* Required action *
Copy out the first line of the listing and every line after it, exactly, until you have copied the line containing "BackgroundColor #FCF2E3".
══ Dataset
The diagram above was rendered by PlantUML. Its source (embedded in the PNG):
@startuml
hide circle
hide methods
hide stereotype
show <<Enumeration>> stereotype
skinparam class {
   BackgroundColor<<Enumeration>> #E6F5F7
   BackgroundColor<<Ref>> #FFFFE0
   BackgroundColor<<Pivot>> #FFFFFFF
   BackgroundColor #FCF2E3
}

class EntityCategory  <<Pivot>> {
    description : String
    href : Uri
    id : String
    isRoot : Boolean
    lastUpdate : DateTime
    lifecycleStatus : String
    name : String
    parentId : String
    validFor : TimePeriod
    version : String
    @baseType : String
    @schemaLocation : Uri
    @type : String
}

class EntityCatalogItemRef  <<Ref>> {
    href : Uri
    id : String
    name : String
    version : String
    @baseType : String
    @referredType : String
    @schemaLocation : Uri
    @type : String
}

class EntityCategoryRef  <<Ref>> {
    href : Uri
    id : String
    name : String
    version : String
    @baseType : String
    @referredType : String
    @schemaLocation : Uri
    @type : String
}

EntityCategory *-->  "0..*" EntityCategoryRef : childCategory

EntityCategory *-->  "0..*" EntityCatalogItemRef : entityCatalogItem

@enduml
════
* Written solution *
The diagram above was rendered by PlantUML. Its source (embedded in the PNG):
@startuml
hide circle
hide methods
hide stereotype
show <<Enumeration>> stereotype
skinparam class {
   BackgroundColor<<Enumeration>> #E6F5F7
   BackgroundColor<<Ref>> #FFFFE0
   BackgroundColor<<Pivot>> #FFFFFFF
   BackgroundColor #FCF2E3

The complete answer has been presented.